Published in final edited form as: Mol Cell. 2022 Mar 30;82(9):1768–1777.e3. doi: 10.1016/j.molcel.2022.03.008

Figure 2. Circular RNA apparent size changes with electrophoresis conditions.

Figure 2.

(A) Circular RNA migration on E-Gel EX systems using sample buffer containing formamide only. Circular RNA migrates slower than precursor RNA when run on E-Gel EX 2% gels using program “EX1–2%” for 10 minutes at room temperature. Extending electrophoresis duration to 18 minutes enhances separation of circular and linear splicing reaction species and maintains the same migration pattern as 10 minutes. Gel artifacts are visible as bubbles in the gel, increasing in severity with longer electrophoresis. RNA species are labeled on the right.

(B) Circular RNA migration can overlap precursor RNA when using commercially available sample buffer. Circular RNA was denatured in GLB II sample buffer and electrophoresis performed as in (A). The circular RNA band is clearly separated from the precursor band after 13 minutes of electrophoresis, however overlaps the precursor after 18 minutes. The mass of RNA loaded into the gel does not affect this migration pattern.
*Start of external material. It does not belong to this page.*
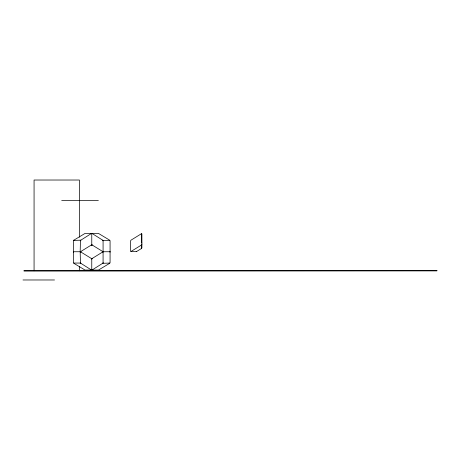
<?xml version="1.0" encoding="UTF-8"?>
<svg xmlns="http://www.w3.org/2000/svg" width="460" height="460" viewBox="0 0 460 460"><rect width="100%" height="100%" fill="white"/><g stroke="black" fill="none" stroke-linecap="round" stroke-linejoin="round"><path stroke-width="0.69" d="M73.45 252.166L73.715 251.741L80.178 251.741L80.442 262.631L80.874 263.321L91.5 270.055M80.178 251.741L80.442 240.85L80.874 240.16L91.5 233.427M73.715 263.057L80.178 263.057L80.442 262.631M80.442 251.315L80.874 251.476L91.333 245.007L91.764 244.317L92.19 245.007L102.655 251.476L103.08 251.315L103.08 240.85L102.655 240.16L92.023 233.427M91.333 269.79L91.764 269.623L91.764 259.158L92.19 258.468L102.655 252.005L103.08 252.166L103.08 262.631L102.655 263.321L92.023 270.055M103.08 240.85L103.345 240.425L109.808 240.425M103.08 252.166L103.345 251.741L109.808 251.741L110.072 251.315M131.008 251.476L136.666 251.476L141.473 248.509L141.898 247.819L141.898 233.852L141.473 233.691L131.008 240.16L130.582 240.85L130.582 251.315L131.008 251.476L141.473 245.007L141.898 244.317M91.333 233.691L92.19 233.691M73.715 240.425L80.874 240.16M80.442 252.166L80.874 252.005L91.333 258.468L91.764 259.158M102.655 263.321L109.808 263.057M61.692 200.462L98.354 200.462M91.333 245.007L92.19 245.007M91.333 258.468L92.19 258.468M23 279.979L54.527 279.979M141.898 243.012L141.473 242.845L141.473 233.691M136.24 251.315L136.666 251.476M102.655 240.16L103.345 240.425M80.178 263.057L80.874 263.321M91.764 269.623L92.19 269.79M109.808 251.741L110.072 252.166M103.08 251.315L103.345 251.741M103.08 262.631L103.345 263.057M80.178 240.425L80.442 240.85M73.45 251.315L73.715 251.741M141.473 245.007L141.473 248.509M102.655 251.476L102.655 252.005M91.764 233.852L91.764 245.72M80.874 251.476L80.874 252.005M79.396 237.187L79.396 180.021L34.069 180.021L34.069 270.773M79.396 266.484L79.396 270.773M73.876 240.16L73.45 240.85L73.45 262.631L73.876 263.321L85.031 270.055L98.492 270.055L109.647 263.321L110.072 262.631L110.072 240.85L109.647 240.16L98.492 233.427L85.031 233.427L73.876 240.16M437 270.773L23.96 270.871L437 270.773"/></g></svg>

L, Ladder; R, Circularized RNA not treated with RNaseR.

(C) Changes in circular RNA apparent size is specific to the E-Gel EX system. Top panels: E-Gel EX; bottom panels: non-EX E-Gel. RNaseR treated circularized RNA samples were denatured in GLB II buffer and subjected to the same electrophoresis conditions as in (A). Time points are indicated above gels. Circular RNA migration relative to the 2000nt RNA marker is shown by colored arrowheads (red: above 2000nt marker, yellow: with 2000nt marker, green: below 2000nt marker).